= List of Pennsylvania state prisons =

This is a list of state prisons in Pennsylvania. It does not include federal prisons or county jails located in the Commonwealth of Pennsylvania.

== Historical (closed) ==
- Eastern State Penitentiary, Fairmount, Philadelphia, Pennsylvania. Closed in 1971.
- Quehanna Boot Camp, Karthaus Township, Pennsylvania. Co-ed and six-month duration. Closed in 2026.
- State Correctional Institution – Cresson, Cresson, Pennsylvania. Converted from a psychiatric hospital. Closed in 2013.
- State Correctional Institution – Graterford, Skippack Township, Pennsylvania. Closed 2018.
- State Correctional Institution – Greensburg, Greensburg, Pennsylvania.
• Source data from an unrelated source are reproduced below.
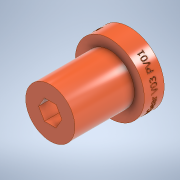
# Autodesk Inventor part: hexBushingForSideOppositeWormGear
Saved by Autodesk Inventor 2022.2 (Build 262287010, 287A)
## iProperties
Created: 2020-11-16
Part Number: hexBushingForSideOppositeWormGear
Material: PC/ABS Plastic
Document SubType Name: Modeling
Designer: robst
Density: 0.357273 g/cm^3
Appearance: Smooth - Light Orange
Author: robst
Autodesk Inventor part; units mm, degrees
(part 1 of 2)
ref_plane "YZ Plane" through (0, 0, 0) normal (1, 0, 0) x (0, 1, 0)
ref_plane "XY Plane" through (0, 0, 0) normal (0, 0, 1) x (1, 0, 0)
sketch "Sketch1" plane through (0, 0, 0) normal (0, 0, 1) x (1, 0, 0)
  line L0 (7.3323, 0) -> (3.6662, -6.35)
  line L1 (3.6662, -6.35) -> (-3.6662, -6.35)
  line L2 (-3.6662, -6.35) -> (-7.3323, 0)
  line L3 (-7.3323, 0) -> (-3.6662, 6.35)
  line L4 (-3.6662, 6.35) -> (3.6662, 6.35)
  line L5 (3.6662, 6.35) -> (7.3323, 0)
  point P0 (0, 0)
  point P1 (0, 0)
  dimension "d0" = 12.7
  constraints: 12 end point, 1 coincident, 1 horizontal, 13 other
  measures "d0" distance between parallel lines of L1 L4
extrude "Extrusion1" add sketch "Sketch1" along normal mid plane 25.4
sketch "Sketch2" plane through (0, 0, -12.7) normal (0, 0, -1) x (-1, 0, 0)
  circle A0 centre (0, 0) radius 15.748
  dimension "d3" = 31.496
  constraints: 1 centre point, 1 coincident
  measures "d3" diameter of A0
extrude "Extrusion2" add sketch "Sketch2" along normal blind 19.05
sketch "Sketch3" plane through (0, 0, -31.75) normal (0, 0, -1) x (-1, 0, 0)
  circle A0 centre (0, 0) radius 22.098
  dimension "d6" = 44.196
  constraints: 1 centre point, 1 coincident
  measures "d6" diameter of A0
extrude "Base" add sketch "Sketch3" along normal blind 12.7
sketch "Sketch6" plane through (-3.6662, 6.35, 12.7) normal (0, 1, 0) x (1, 0, 0)
  line L0 (7.3323, 0) -> (0, 0) construction
  line L1 (3.6662, 0) -> (3.6662, 34.6111) construction
  line L2 (19.4142, 25.4) -> (-12.0818, 25.4) projected
  point P0 (3.6662, 12.7)
  point P1 (3.6662, 19.2024)
  dimension "d13" = 6.1976
  constraints: 2 end point, 1 midpoint, 1 point on line, 1 vertical
  measures "d13" distance from line of point (3.666, 19.202) L2
hole "Hole1" at (0, 6.35, -6.5024) direction (0, -1, 0) diameter 4.318 end through all clearance for "Hex Machine Screw" size "#6" standard "Ansi Unified Screw Threads"
sketch "Sketch7" plane through (0, 0, 12.7) normal (0, 0, 1) x (1, 0, 0)
  point P0 (0, 0)
  point P1 (0, 0)
  constraints: 1 coincident
hole "Hole2" at (0, 0, 12.7) direction (0, 0, -1) diameter 6.3246 depth 7.874 counterbore diameter 6.604 counterbore depth 6.1239
ref_plane "Work Plane1" through (0, -22.098, -31.75) normal (0, 1, 0) x (-1, 0, 0)
sketch "Sketch8" plane through (0, -22.098, -31.75) normal (0, 1, 0) x (-1, 0, 0)
  line L0 (-22.098, -12.7) -> (22.098, -12.7) projected
  line L1 (-22.098, 0) -> (22.098, 0) projected
  line L2 (22.098, 0) -> (22.098, -12.7) construction
  line L3 (22.098, -6.35) -> (-22.098, -6.35) construction
  line L4 (-22.098, 0) -> (-22.098, -12.7) construction
  line L5 (53.7985, -8.255) -> (54.2802, -8.255)
  line L6 (54.2802, -8.255) -> (54.2802, -6.6248)
  spline S0 degree 2 poles (54.2802, -6.6248) (54.2802, -6.4272) (54.3172, -6.0876) (54.3728, -5.9857) knots 0 0 0 1 2 2 2
  spline S1 degree 2 poles (54.3728, -5.9857) (54.4314, -5.8776) (54.6414, -5.7726) (54.8205, -5.7726) knots 0 0 0 1 2 2 2
  spline S2 degree 2 poles (54.8205, -5.7726) (54.9995, -5.7726) (55.3793, -5.9641) (55.5615, -6.1184) knots 0 0 0 1 2 2 2
  line L7 (55.5615, -6.1184) -> (55.5615, -8.255)
  line L8 (55.5615, -8.255) -> (56.0431, -8.255)
  line L9 (56.0431, -8.255) -> (56.0431, -4.2752)
  line L10 (56.0431, -4.2752) -> (55.5615, -4.2752)
  line L11 (55.5615, -4.2752) -> (55.5615, -5.714)
  spline S3 degree 2 poles (55.5615, -5.714) (55.3453, -5.5195) (54.9285, -5.3157) (54.6939, -5.3157) knots 0 0 0 1 2 2 2
  spline S4 degree 2 poles (54.6939, -5.3157) (54.274, -5.3157) (53.7985, -5.8714) (53.7985, -6.3994) knots 0 0 0 1 2 2 2
  line L12 (53.7985, -6.3994) -> (53.7985, -8.255)
  spline S5 degree 2 poles (51.8811, -8.3198) (52.5666, -8.3198) (53.3199, -7.551) (53.3199, -6.8409) knots 0 0 0 1 2 2 2
  spline S6 degree 2 poles (53.3199, -6.8409) (53.3199, -6.1431) (52.5882, -5.3157) (51.9985, -5.3157) knots 0 0 0 1 2 2 2
  spline S7 degree 2 poles (51.9985, -5.3157) (51.7329, -5.3157) (51.3223, -5.4701) (51.171, -5.6337) knots 0 0 0 1 2 2 2
  spline S8 degree 2 poles (51.171, -5.6337) (51.0166, -5.7973) (50.853, -6.2697) (50.853, -6.6124) knots 0 0 0 1 2 2 2
  line L13 (50.853, -6.6124) -> (50.853, -6.8749)
  line L14 (50.853, -6.8749) -> (52.8321, -6.8749)
  spline S9 degree 2 poles (52.8321, -6.8749) (52.8321, -7.372) (52.3319, -7.8999) (51.8873, -7.8999) knots 0 0 0 1 2 2 2
  spline S10 degree 2 poles (51.8873, -7.8999) (51.7299, -7.8999) (51.4242, -7.8289) (51.3007, -7.7733) knots 0 0 0 1 2 2 2
  spline S11 degree 2 poles (51.3007, -7.7733) (51.171, -7.7116) (50.9919, -7.6035) (50.9333, -7.5541) knots 0 0 0 1 2 2 2
  line L15 (50.9333, -7.5541) -> (50.9055, -7.5541)
  line L16 (50.9055, -7.5541) -> (50.9055, -8.079)
  spline S12 degree 2 poles (50.9055, -8.079) (50.9889, -8.113) (51.242, -8.2118) (51.3408, -8.2396) knots 0 0 0 1 2 2 2
  spline S13 degree 2 poles (51.3408, -8.2396) (51.4798, -8.2797) (51.7082, -8.3198) (51.8811, -8.3198) knots 0 0 0 1 2 2 2
  spline S14 degree 2 poles (51.3223, -6.5075) (51.3285, -6.3129) (51.4088, -6.0289) (51.4859, -5.9332) knots 0 0 0 1 2 2 2
  spline S15 degree 2 poles (51.4859, -5.9332) (51.5693, -5.8251) (51.8317, -5.7109) (52.0263, -5.7109) knots 0 0 0 1 2 2 2
  spline S16 degree 2 poles (52.0263, -5.7109) (52.2177, -5.7109) (52.4863, -5.8251) (52.5975, -5.9363) knots 0 0 0 1 2 2 2
  spline S17 degree 2 poles (52.5975, -5.9363) (52.7055, -6.0505) (52.8167, -6.3253) (52.8321, -6.5075) knots 0 0 0 1 2 2 2
  line L17 (52.8321, -6.5075) -> (51.3223, -6.5075)
  line L18 (48.1452, -8.255) -> (48.735, -8.255)
  line L19 (48.735, -8.255) -> (49.4297, -7.1805)
  line L20 (49.4297, -7.1805) -> (50.1429, -8.255)
  line L21 (50.1429, -8.255) -> (50.6894, -8.255)
  line L22 (50.6894, -8.255) -> (49.6983, -6.8378)
  line L23 (49.6983, -6.8378) -> (50.6801, -5.396)
  line L24 (50.6801, -5.396) -> (50.0904, -5.396)
  line L25 (50.0904, -5.396) -> (49.3988, -6.4612)
  line L26 (49.3988, -6.4612) -> (48.6917, -5.396)
  line L27 (48.6917, -5.396) -> (48.1452, -5.396)
  line L28 (48.1452, -5.396) -> (49.1302, -6.807)
  line L29 (49.1302, -6.807) -> (48.1452, -8.255)
  spline S18 degree 2 poles (45.1504, -7.0848) (45.1504, -7.3689) (45.3665, -7.8042) (45.5456, -7.9462) knots 0 0 0 1 2 2 2
  spline S19 degree 2 poles (45.5456, -7.9462) (45.7617, -8.113) (46.2526, -8.255) (46.6416, -8.255) knots 0 0 0 1 2 2 2
  line L30 (46.6416, -8.255) -> (47.7346, -8.255)
  line L31 (47.7346, -8.255) -> (47.7346, -4.445)
  line L32 (47.7346, -4.445) -> (46.725, -4.445)
  spline S20 degree 2 poles (46.725, -4.445) (46.3174, -4.445) (45.9099, -4.4975) (45.7246, -4.5994) knots 0 0 0 1 2 2 2
  spline S21 degree 2 poles (45.7246, -4.5994) (45.5178, -4.7074) (45.3294, -5.0625) (45.3294, -5.3033) knots 0 0 0 1 2 2 2
  spline S22 degree 2 poles (45.3294, -5.3033) (45.3294, -5.5719) (45.6135, -5.998) (45.8636, -6.1184) knots 0 0 0 1 2 2 2
  line L33 (45.8636, -6.1184) -> (45.8636, -6.137)
  spline S23 degree 2 poles (45.8636, -6.137) (45.5239, -6.2296) (45.1504, -6.7205) (45.1504, -7.0848) knots 0 0 0 1 2 2 2
  spline S24 degree 2 poles (45.6783, -7.1064) (45.6783, -6.8903) (45.8018, -6.6124) (45.9871, -6.5136) knots 0 0 0 1 2 2 2
  spline S25 degree 2 poles (45.9871, -6.5136) (46.1075, -6.4519) (46.3915, -6.4148) (46.654, -6.4148) knots 0 0 0 1 2 2 2
  line L34 (46.654, -6.4148) -> (47.2283, -6.4148)
  line L35 (47.2283, -6.4148) -> (47.2283, -7.8227)
  line L36 (47.2283, -7.8227) -> (46.8176, -7.8227)
  spline S26 degree 2 poles (46.8176, -7.8227) (46.4842, -7.8227) (46.1013, -7.761) (45.9531, -7.6622) knots 0 0 0 1 2 2 2
  spline S27 degree 2 poles (45.9531, -7.6622) (45.8111, -7.5603) (45.6783, -7.3071) (45.6783, -7.1064) knots 0 0 0 1 2 2 2
  spline S28 degree 2 poles (45.8574, -5.3743) (45.8574, -5.2385) (45.95, -5.0347) (46.0519, -4.9761) knots 0 0 0 1 2 2 2
  spline S29 degree 2 poles (46.0519, -4.9761) (46.1754, -4.9081) (46.4749, -4.8773) (46.7435, -4.8773) knots 0 0 0 1 2 2 2
  line L37 (46.7435, -4.8773) -> (47.2283, -4.8773)
  line L38 (47.2283, -4.8773) -> (47.2283, -5.9918)
  line L39 (47.2283, -5.9918) -> (46.654, -5.9918)
  spline S30 degree 2 poles (46.654, -5.9918) (46.4162, -5.9918) (46.1908, -5.9424) (46.0704, -5.8653) knots 0 0 0 1 2 2 2
  spline S31 degree 2 poles (46.0704, -5.8653) (45.9531, -5.7912) (45.8574, -5.5534) (45.8574, -5.3743) knots 0 0 0 1 2 2 2
  line L40 (42.4611, -8.255) -> (42.9428, -8.255)
  line L41 (42.9428, -8.255) -> (42.9428, -7.9401)
  spline S32 degree 2 poles (42.9428, -7.9401) (43.1651, -8.1346) (43.5634, -8.3353) (43.8104, -8.3353) knots 0 0 0 1 2 2 2
  spline S33 degree 2 poles (43.8104, -8.3353) (43.9956, -8.3353) (44.326, -8.2118) (44.4464, -8.079) knots 0 0 0 1 2 2 2
  spline S34 degree 2 poles (44.4464, -8.079) (44.5699, -7.9462) (44.7058, -7.5418) (44.7058, -7.2516) knots 0 0 0 1 2 2 2
  line L42 (44.7058, -7.2516) -> (44.7058, -5.396)
  line L43 (44.7058, -5.396) -> (44.2241, -5.396)
  line L44 (44.2241, -5.396) -> (44.2241, -7.0262)
  spline S35 degree 2 poles (44.2241, -7.0262) (44.2241, -7.2546) (44.1901, -7.5541) (44.1315, -7.6653) knots 0 0 0 1 2 2 2
  spline S36 degree 2 poles (44.1315, -7.6653) (44.0728, -7.7764) (43.8721, -7.8783) (43.6838, -7.8783) knots 0 0 0 1 2 2 2
  spline S37 degree 2 poles (43.6838, -7.8783) (43.5078, -7.8783) (43.1095, -7.6776) (42.9428, -7.5325) knots 0 0 0 1 2 2 2
  line L45 (42.9428, -7.5325) -> (42.9428, -5.396)
  line L46 (42.9428, -5.396) -> (42.4611, -5.396)
  line L47 (42.4611, -5.396) -> (42.4611, -8.255)
  spline S38 degree 2 poles (40.9915, -8.3229) (41.2786, -8.3229) (41.7757, -8.1685) (41.9393, -8.0821) knots 0 0 0 1 2 2 2
  line L48 (41.9393, -8.0821) -> (41.9393, -7.5418)
  line L49 (41.9393, -7.5418) -> (41.9146, -7.5418)
  spline S39 degree 2 poles (41.9146, -7.5418) (41.8529, -7.5912) (41.6862, -7.7085) (41.5472, -7.7733) knots 0 0 0 1 2 2 2
  spline S40 degree 2 poles (41.5472, -7.7733) (41.4268, -7.832) (41.1304, -7.9185) (40.9729, -7.9185) knots 0 0 0 1 2 2 2
  spline S41 degree 2 poles (40.9729, -7.9185) (40.8587, -7.9185) (40.5963, -7.866) (40.5345, -7.8227) knots 0 0 0 1 2 2 2
  spline S42 degree 2 poles (40.5345, -7.8227) (40.445, -7.7641) (40.3647, -7.6313) (40.3647, -7.4955) knots 0 0 0 1 2 2 2
  spline S43 degree 2 poles (40.3647, -7.4955) (40.3647, -7.3257) (40.5499, -7.1497) (40.7877, -7.091) knots 0 0 0 1 2 2 2
  spline S44 degree 2 poles (40.7877, -7.091) (40.8803, -7.0694) (41.1767, -7.0076) (41.3033, -6.9737) knots 0 0 0 1 2 2 2
  spline S45 degree 2 poles (41.3033, -6.9737) (41.6306, -6.878) (41.927, -6.4828) (41.927, -6.2018) knots 0 0 0 1 2 2 2
  spline S46 degree 2 poles (41.927, -6.2018) (41.927, -5.8128) (41.3434, -5.328) (40.8618, -5.328) knots 0 0 0 1 2 2 2
  spline S47 degree 2 poles (40.8618, -5.328) (40.6241, -5.328) (40.1424, -5.4454) (39.9788, -5.5349) knots 0 0 0 1 2 2 2
  line L50 (39.9788, -5.5349) -> (39.9788, -6.0505)
  line L51 (39.9788, -6.0505) -> (40.0035, -6.0505)
  spline S48 degree 2 poles (40.0035, -6.0505) (40.1887, -5.9023) (40.6395, -5.7325) (40.8711, -5.7325) knots 0 0 0 1 2 2 2
  spline S49 degree 2 poles (40.8711, -5.7325) (41.1088, -5.7325) (41.4361, -5.9332) (41.4361, -6.1339) knots 0 0 0 1 2 2 2
  spline S50 degree 2 poles (41.4361, -6.1339) (41.4361, -6.316) (41.2416, -6.492) (41.0254, -6.5476) knots 0 0 0 1 2 2 2
  spline S51 degree 2 poles (41.0254, -6.5476) (40.9205, -6.5754) (40.6549, -6.631) (40.5098, -6.6649) knots 0 0 0 1 2 2 2
  spline S52 degree 2 poles (40.5098, -6.6649) (40.1949, -6.7452) (39.8738, -7.1126) (39.8738, -7.4306) knots 0 0 0 1 2 2 2
  spline S53 degree 2 poles (39.8738, -7.4306) (39.8738, -7.6159) (40.0189, -7.9432) (40.1609, -8.0636) knots 0 0 0 1 2 2 2
  spline S54 degree 2 poles (40.1609, -8.0636) (40.3122, -8.1902) (40.6982, -8.3229) (40.9915, -8.3229) knots 0 0 0 1 2 2 2
  line L52 (37.1815, -8.255) -> (37.6631, -8.255)
  line L53 (37.6631, -8.255) -> (37.6631, -6.6248)
  spline S55 degree 2 poles (37.6631, -6.6248) (37.6631, -6.4272) (37.7002, -6.0876) (37.7557, -5.9857) knots 0 0 0 1 2 2 2
  spline S56 degree 2 poles (37.7557, -5.9857) (37.8144, -5.8776) (38.0244, -5.7726) (38.2034, -5.7726) knots 0 0 0 1 2 2 2
  spline S57 degree 2 poles (38.2034, -5.7726) (38.3825, -5.7726) (38.7623, -5.9641) (38.9444, -6.1184) knots 0 0 0 1 2 2 2
  line L54 (38.9444, -6.1184) -> (38.9444, -8.255)
  line L55 (38.9444, -8.255) -> (39.4261, -8.255)
  line L56 (39.4261, -8.255) -> (39.4261, -4.2752)
  line L57 (39.4261, -4.2752) -> (38.9444, -4.2752)
  line L58 (38.9444, -4.2752) -> (38.9444, -5.714)
  spline S58 degree 2 poles (38.9444, -5.714) (38.7283, -5.5195) (38.3115, -5.3157) (38.0768, -5.3157) knots 0 0 0 1 2 2 2
  spline S59 degree 2 poles (38.0768, -5.3157) (37.6569, -5.3157) (37.1815, -5.8714) (37.1815, -6.3994) knots 0 0 0 1 2 2 2
  line L59 (37.1815, -6.3994) -> (37.1815, -8.255)
  line L60 (36.0144, -8.255) -> (36.496, -8.255)
  line L61 (36.496, -8.255) -> (36.496, -5.396)
  line L62 (36.496, -5.396) -> (36.0144, -5.396)
  line L63 (36.0144, -5.396) -> (36.0144, -8.255)
  line L64 (35.9804, -4.9205) -> (36.5269, -4.9205)
  line L65 (36.5269, -4.9205) -> (36.5269, -4.4203)
  line L66 (36.5269, -4.4203) -> (35.9804, -4.4203)
  line L67 (35.9804, -4.4203) -> (35.9804, -4.9205)
  line L68 (33.0627, -8.255) -> (33.5444, -8.255)
  line L69 (33.5444, -8.255) -> (33.5444, -6.6248)
  spline S60 degree 2 poles (33.5444, -6.6248) (33.5444, -6.4272) (33.5814, -6.0876) (33.637, -5.9857) knots 0 0 0 1 2 2 2
  spline S61 degree 2 poles (33.637, -5.9857) (33.6957, -5.8776) (33.9056, -5.7726) (34.0847, -5.7726) knots 0 0 0 1 2 2 2
  spline S62 degree 2 poles (34.0847, -5.7726) (34.2638, -5.7726) (34.6435, -5.9641) (34.8257, -6.1184) knots 0 0 0 1 2 2 2
  line L70 (34.8257, -6.1184) -> (34.8257, -8.255)
  line L71 (34.8257, -8.255) -> (35.3073, -8.255)
  line L72 (35.3073, -8.255) -> (35.3073, -5.396)
  line L73 (35.3073, -5.396) -> (34.8257, -5.396)
  line L74 (34.8257, -5.396) -> (34.8257, -5.714)
  spline S63 degree 2 poles (34.8257, -5.714) (34.6096, -5.5195) (34.1927, -5.3157) (33.9581, -5.3157) knots 0 0 0 1 2 2 2
  spline S64 degree 2 poles (33.9581, -5.3157) (33.5382, -5.3157) (33.0627, -5.8714) (33.0627, -6.3994) knots 0 0 0 1 2 2 2
  line L75 (33.0627, -6.3994) -> (33.0627, -8.255)
  spline S65 degree 2 poles (32.2847, -8.712) (32.2353, -8.7336) (32.0469, -8.8015) (31.9265, -8.8293) knots 0 0 0 1 2 2 2
  spline S66 degree 2 poles (31.9265, -8.8293) (31.7937, -8.8632) (31.5684, -8.9034) (31.4356, -8.9034) knots 0 0 0 1 2 2 2
  spline S67 degree 2 poles (31.4356, -8.9034) (31.2133, -8.9034) (30.9045, -8.7861) (30.8181, -8.6811) knots 0 0 0 1 2 2 2
  spline S68 degree 2 poles (30.8181, -8.6811) (30.7347, -8.5761) (30.6699, -8.3013) (30.6699, -8.1253) knots 0 0 0 1 2 2 2
  line L76 (30.6699, -8.1253) -> (30.6699, -7.8752)
  spline S69 degree 2 poles (30.6699, -7.8752) (30.8644, -8.045) (31.238, -8.2056) (31.519, -8.2056) knots 0 0 0 1 2 2 2
  spline S70 degree 2 poles (31.519, -8.2056) (32.0068, -8.2056) (32.5841, -7.48) (32.5841, -6.7977) knots 0 0 0 1 2 2 2
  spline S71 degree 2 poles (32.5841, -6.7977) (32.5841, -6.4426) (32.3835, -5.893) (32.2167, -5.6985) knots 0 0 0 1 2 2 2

Closed in 2013
- State Correctional Institution – Pittsburgh, Pittsburgh, Pennsylvania. Closed in 2017.
- State Correctional Institution – Retreat, Hunlock Creek, Pennsylvania. Converted from a psychiatric hospital. Opened 1980. Closed June 30, 2020.
- State Correctional Institution – Rockview, Benner Township, Pennsylvania. Closed in 2026.
- State Correctional Institution – Waynesburg, Morgan Township, Pennsylvania. Closed in 2003.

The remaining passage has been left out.